Starring: Shameik Moore, Hailee Steinfeld, Oscar Isaac, Brian Tyree Henry, Luna Lauren Velez, Jake Johnson, Jason Schwartzman, Issa Rae, Karan Soni, Daniel Kaluuya, Shea Wigham, Greta Lee, Rachel Dratch, Jorma Taccone, Andy Samberg, Amandla Stenberg

Directors: Joaquim Dos Santos, Kemp Powers, and Justin K. Thompson

Running Time: 140 Minutes

Rating: PG for Mostly Mild Punches and Scrapes

Release Date: June 2, 2023 (Theaters)

What’s It About?: Miles Morales (Shameik Moore) really relishes getting to be Spider-Man, but if he’s being honest, his life is far from perfect. He loves his parents, but he doesn’t know how to be fully honest with them. And he’s excited about a college-bound future, but it won’t fill the multiverse-sized hole in his heart. He met a bunch of really cool spider-people from other universes during his first big adventure, and he spends most of his days wishing he could get to see them again. Then a certain version of Gwen Stacy (Hailee Steinfeld) shows up once again to let him know that the multiverse is facing a greater threat than it’s ever seen before. A seemingly infinite amount of spider-beings are recruited for the mission, but if he’s not careful, Miles might actually stand in the way of everything working out.
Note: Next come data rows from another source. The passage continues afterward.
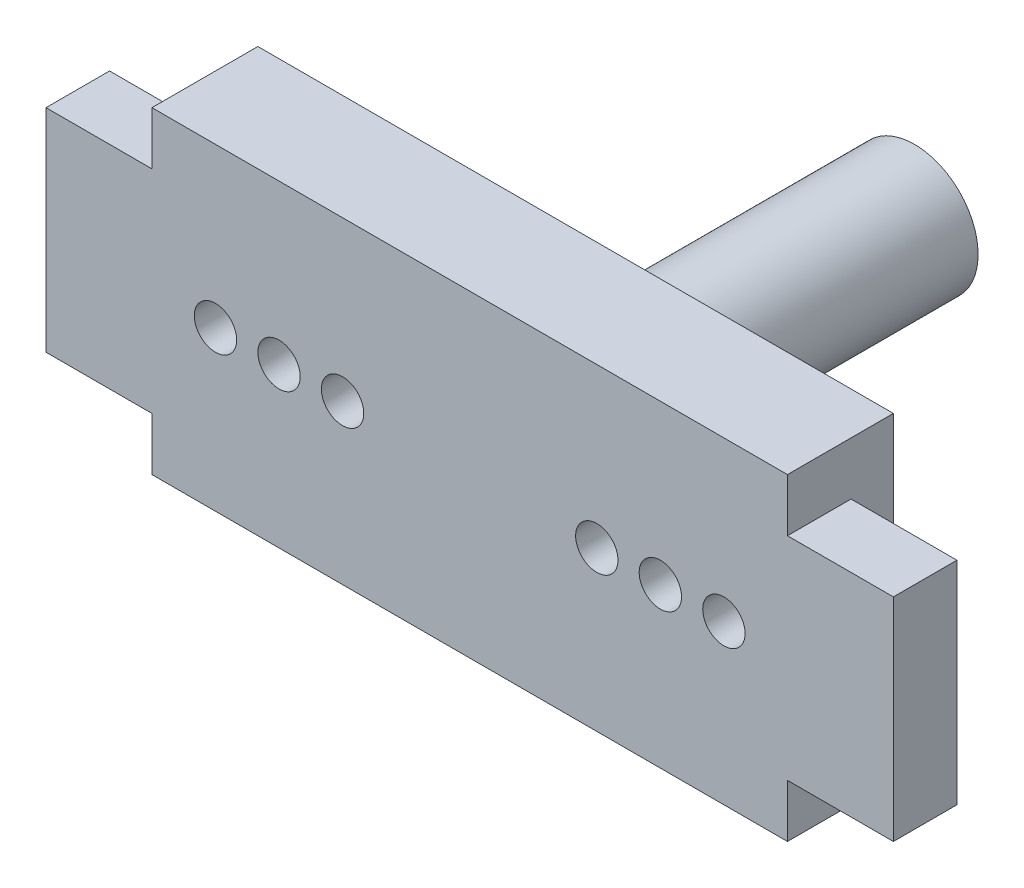
ISO-10303-21;
HEADER;
FILE_DESCRIPTION(('STEP AP214'),'2;1');
FILE_NAME('part.step','',(''),(''),'','','');
FILE_SCHEMA(('AUTOMOTIVE_DESIGN { 1 0 10303 214 1 1 1 1 }'));
ENDSEC;
DATA;
#1=APPLICATION_CONTEXT('core data for automotive mechanical design processes');
#2=APPLICATION_PROTOCOL_DEFINITION('international standard','automotive_design',2000,#1);
#3=PRODUCT_CONTEXT('',#1,'mechanical');
#4=PRODUCT('Part','Part','',(#3));
#5=PRODUCT_RELATED_PRODUCT_CATEGORY('part','',(#4));
#6=PRODUCT_DEFINITION_FORMATION('','',#4);
#7=PRODUCT_DEFINITION_CONTEXT('part definition',#1,'design');
#8=PRODUCT_DEFINITION('design','',#6,#7);
#9=PRODUCT_DEFINITION_SHAPE('','',#8);
#10=(LENGTH_UNIT() NAMED_UNIT(*) SI_UNIT(.MILLI.,.METRE.));
#11=(NAMED_UNIT(*) PLANE_ANGLE_UNIT() SI_UNIT($,.RADIAN.));
#12=(NAMED_UNIT(*) SI_UNIT($,.STERADIAN.) SOLID_ANGLE_UNIT());
#13=UNCERTAINTY_MEASURE_WITH_UNIT(LENGTH_MEASURE(1.E-05),#10,'distance_accuracy_value','');
#14=(GEOMETRIC_REPRESENTATION_CONTEXT(3) GLOBAL_UNCERTAINTY_ASSIGNED_CONTEXT((#13)) GLOBAL_UNIT_ASSIGNED_CONTEXT((#10,
#11,#12)) REPRESENTATION_CONTEXT('',''));
#15=CARTESIAN_POINT('',(0.,0.,0.));
#16=DIRECTION('',(0.,0.,1.));
#17=DIRECTION('',(1.,0.,0.));
#18=AXIS2_PLACEMENT_3D('',#15,#16,#17);
#19=CARTESIAN_POINT('',(-26.8805369127517,15.,0.));
#20=DIRECTION('',(1.,0.,0.));
#21=DIRECTION('',(0.,0.,-1.));
#22=AXIS2_PLACEMENT_3D('',#19,#20,#21);
#23=PLANE('',#22);
#24=DIRECTION('',(0.,0.,1.));
#25=VECTOR('',#24,1.);
#26=CARTESIAN_POINT('',(-26.8805369127517,12.5,-26.7902684563758));
#27=LINE('',#26,#25);
#28=CARTESIAN_POINT('',(-26.8805369127517,12.5,-26.7902684563758));
#29=VERTEX_POINT('',#28);
#30=CARTESIAN_POINT('',(-26.8805369127517,12.5,-23.7902684563758));
#31=VERTEX_POINT('',#30);
#32=EDGE_CURVE('E128',#29,#31,#27,.T.);
#33=ORIENTED_EDGE('',*,*,#32,.F.);
#34=DIRECTION('',(0.,-1.,0.));
#35=VECTOR('',#34,1.);
#36=CARTESIAN_POINT('',(-26.8805369127517,12.5,-26.7902684563758));
#37=LINE('',#36,#35);
#38=CARTESIAN_POINT('',(-26.8805369127517,2.5,-26.7902684563758));
#39=VERTEX_POINT('',#38);
#40=EDGE_CURVE('E154',#29,#39,#37,.T.);
#41=ORIENTED_EDGE('',*,*,#40,.T.);
#42=DIRECTION('',(0.,0.,1.));
#43=VECTOR('',#42,1.);
#44=CARTESIAN_POINT('',(-26.8805369127517,2.5,-26.7902684563758));
#45=LINE('',#44,#43);
#46=CARTESIAN_POINT('',(-26.8805369127517,2.5,-23.7902684563758));
#47=VERTEX_POINT('',#46);
#48=EDGE_CURVE('E307',#39,#47,#45,.T.);
#49=ORIENTED_EDGE('',*,*,#48,.T.);
#50=DIRECTION('',(0.,-1.,0.));
#51=VECTOR('',#50,1.);
#52=CARTESIAN_POINT('',(-26.8805369127517,15.,-23.7902684563758));
#53=LINE('',#52,#51);
#54=CARTESIAN_POINT('',(-26.8805369127517,0.,-23.7902684563758));
#55=VERTEX_POINT('',#54);
#56=EDGE_CURVE('E160',#47,#55,#53,.T.);
#57=ORIENTED_EDGE('',*,*,#56,.T.);
#58=DIRECTION('',(0.,0.,1.));
#59=VECTOR('',#58,1.);
#60=CARTESIAN_POINT('',(-26.8805369127517,0.,0.));
#61=LINE('',#60,#59);
#62=CARTESIAN_POINT('',(-26.8805369127517,0.,-28.7902684563758));
#63=VERTEX_POINT('',#62);
#64=EDGE_CURVE('E194',#63,#55,#61,.T.);
#65=ORIENTED_EDGE('',*,*,#64,.F.);
#66=DIRECTION('',(0.,-1.,0.));
#67=VECTOR('',#66,1.);
#68=CARTESIAN_POINT('',(-26.8805369127517,15.,-28.7902684563758));
#69=LINE('',#68,#67);
#70=CARTESIAN_POINT('',(-26.8805369127517,15.,-28.7902684563758));
#71=VERTEX_POINT('',#70);
#72=EDGE_CURVE('E11',#71,#63,#69,.T.);
#73=ORIENTED_EDGE('',*,*,#72,.F.);
#74=DIRECTION('',(0.,0.,1.));
#75=VECTOR('',#74,1.);
#76=CARTESIAN_POINT('',(-26.8805369127517,15.,0.));
#77=LINE('',#76,#75);
#78=CARTESIAN_POINT('',(-26.8805369127517,15.,-23.7902684563758));
#79=VERTEX_POINT('',#78);
#80=EDGE_CURVE('E157',#71,#79,#77,.T.);
#81=ORIENTED_EDGE('',*,*,#80,.T.);
#82=EDGE_CURVE('E149',#79,#31,#53,.T.);
#83=ORIENTED_EDGE('',*,*,#82,.T.);
#84=EDGE_LOOP('',(#33,#41,#49,#57,#65,#73,#81,#83));
#85=FACE_BOUND('',#84,.T.);
#86=ADVANCED_FACE('F41',(#85),#23,.T.);
#87=CARTESIAN_POINT('',(0.,15.,-28.7902684563758));
#88=DIRECTION('',(0.,0.,-1.));
#89=DIRECTION('',(-1.,0.,0.));
#90=AXIS2_PLACEMENT_3D('',#87,#88,#89);
#91=PLANE('',#90);
#92=CARTESIAN_POINT('',(-41.8805369127517,7.5,-28.7902684563758));
#93=DIRECTION('',(0.,0.,-1.));
#94=DIRECTION('',(-1.,0.,0.));
#95=AXIS2_PLACEMENT_3D('',#92,#93,#94);
#96=CIRCLE('',#95,3.);
#97=CARTESIAN_POINT('',(-44.8805369127517,7.5,-28.7902684563758));
#98=VERTEX_POINT('',#97);
#99=EDGE_CURVE('E319',#98,#98,#96,.T.);
#100=ORIENTED_EDGE('',*,*,#99,.F.);
#101=EDGE_LOOP('',(#100));
#102=FACE_BOUND('',#101,.T.);
#103=CARTESIAN_POINT('',(-32.8805369127517,7.5,-28.7902684563758));
#104=DIRECTION('',(0.,0.,-1.));
#105=DIRECTION('',(-1.,0.,0.));
#106=AXIS2_PLACEMENT_3D('',#103,#104,#105);
#107=CIRCLE('',#106,0.999999999999998);
#108=CARTESIAN_POINT('',(-33.8805369127517,7.5,-28.7902684563758));
#109=VERTEX_POINT('',#108);
#110=EDGE_CURVE('E243',#109,#109,#107,.T.);
#111=ORIENTED_EDGE('',*,*,#110,.F.);
#112=EDGE_LOOP('',(#111));
#113=FACE_BOUND('',#112,.T.);
#114=CARTESIAN_POINT('',(-29.8805369127517,7.5,-28.7902684563758));
#115=DIRECTION('',(0.,0.,-1.));
#116=DIRECTION('',(-1.,0.,0.));
#117=AXIS2_PLACEMENT_3D('',#114,#115,#116);
#118=CIRCLE('',#117,1.);
#119=CARTESIAN_POINT('',(-30.8805369127517,7.5,-28.7902684563758));
#120=VERTEX_POINT('',#119);
#121=EDGE_CURVE('E235',#120,#120,#118,.T.);
#122=ORIENTED_EDGE('',*,*,#121,.F.);
#123=EDGE_LOOP('',(#122));
#124=FACE_BOUND('',#123,.T.);
#125=CARTESIAN_POINT('',(-53.8805369127517,7.5,-28.7902684563758));
#126=DIRECTION('',(0.,0.,-1.));
#127=DIRECTION('',(1.,0.,0.));
#128=AXIS2_PLACEMENT_3D('',#125,#126,#127);
#129=CIRCLE('',#128,0.999999999999998);
#130=CARTESIAN_POINT('',(-52.8805369127517,7.5,-28.7902684563758));
#131=VERTEX_POINT('',#130);
#132=EDGE_CURVE('E225',#131,#131,#129,.T.);
#133=ORIENTED_EDGE('',*,*,#132,.F.);
#134=EDGE_LOOP('',(#133));
#135=FACE_BOUND('',#134,.T.);
#136=CARTESIAN_POINT('',(-50.8805369127517,7.5,-28.7902684563758));
#137=DIRECTION('',(0.,0.,-1.));
#138=DIRECTION('',(1.,0.,0.));
#139=AXIS2_PLACEMENT_3D('',#136,#137,#138);
#140=CIRCLE('',#139,0.999999999999998);
#141=CARTESIAN_POINT('',(-49.8805369127517,7.5,-28.7902684563758));
#142=VERTEX_POINT('',#141);
#143=EDGE_CURVE('E226',#142,#142,#140,.T.);
#144=ORIENTED_EDGE('',*,*,#143,.F.);
#145=EDGE_LOOP('',(#144));
#146=FACE_BOUND('',#145,.T.);
#147=CARTESIAN_POINT('',(-47.8805369127517,7.5,-28.7902684563758));
#148=DIRECTION('',(0.,0.,-1.));
#149=DIRECTION('',(1.,0.,0.));
#150=AXIS2_PLACEMENT_3D('',#147,#148,#149);
#151=CIRCLE('',#150,0.999999999999998);
#152=CARTESIAN_POINT('',(-46.8805369127517,7.5,-28.7902684563758));
#153=VERTEX_POINT('',#152);
#154=EDGE_CURVE('E256',#153,#153,#151,.T.);
#155=ORIENTED_EDGE('',*,*,#154,.F.);
#156=EDGE_LOOP('',(#155));
#157=FACE_BOUND('',#156,.T.);
#158=CARTESIAN_POINT('',(-35.8805369127517,7.5,-28.7902684563758));
#159=DIRECTION('',(0.,0.,-1.));
#160=DIRECTION('',(-1.,0.,0.));
#161=AXIS2_PLACEMENT_3D('',#158,#159,#160);
#162=CIRCLE('',#161,0.999999999999998);
#163=CARTESIAN_POINT('',(-36.8805369127517,7.5,-28.7902684563758));
#164=VERTEX_POINT('',#163);
#165=EDGE_CURVE('E216',#164,#164,#162,.T.);
#166=ORIENTED_EDGE('',*,*,#165,.F.);
#167=EDGE_LOOP('',(#166));
#168=FACE_BOUND('',#167,.T.);
#169=DIRECTION('',(1.,0.,0.));
#170=VECTOR('',#169,1.);
#171=CARTESIAN_POINT('',(0.,0.,-28.7902684563758));
#172=LINE('',#171,#170);
#173=CARTESIAN_POINT('',(-56.8805369127517,0.,-28.7902684563758));
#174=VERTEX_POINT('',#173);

What Made an Impression?: When Into the Spider-Verse came out in 2018, it was a breath of fresh air. Despite the weight of its multiversal ambitions, it was light on its feet and disarmingly accessible. Across the Spider-Verse doesn’t have the benefit of surprise, and it threatens to tip over by going deeper, heavier, and longer, but it still manages to be just as compelling. It helps to have pizzazz. The various animation styles are just so astoundingly intricate that I simply can’t look away. I imagine some viewers might find this outing overwhelming, but considering how saturated our culture currently is with superheroes, the buy-in isn’t that difficult.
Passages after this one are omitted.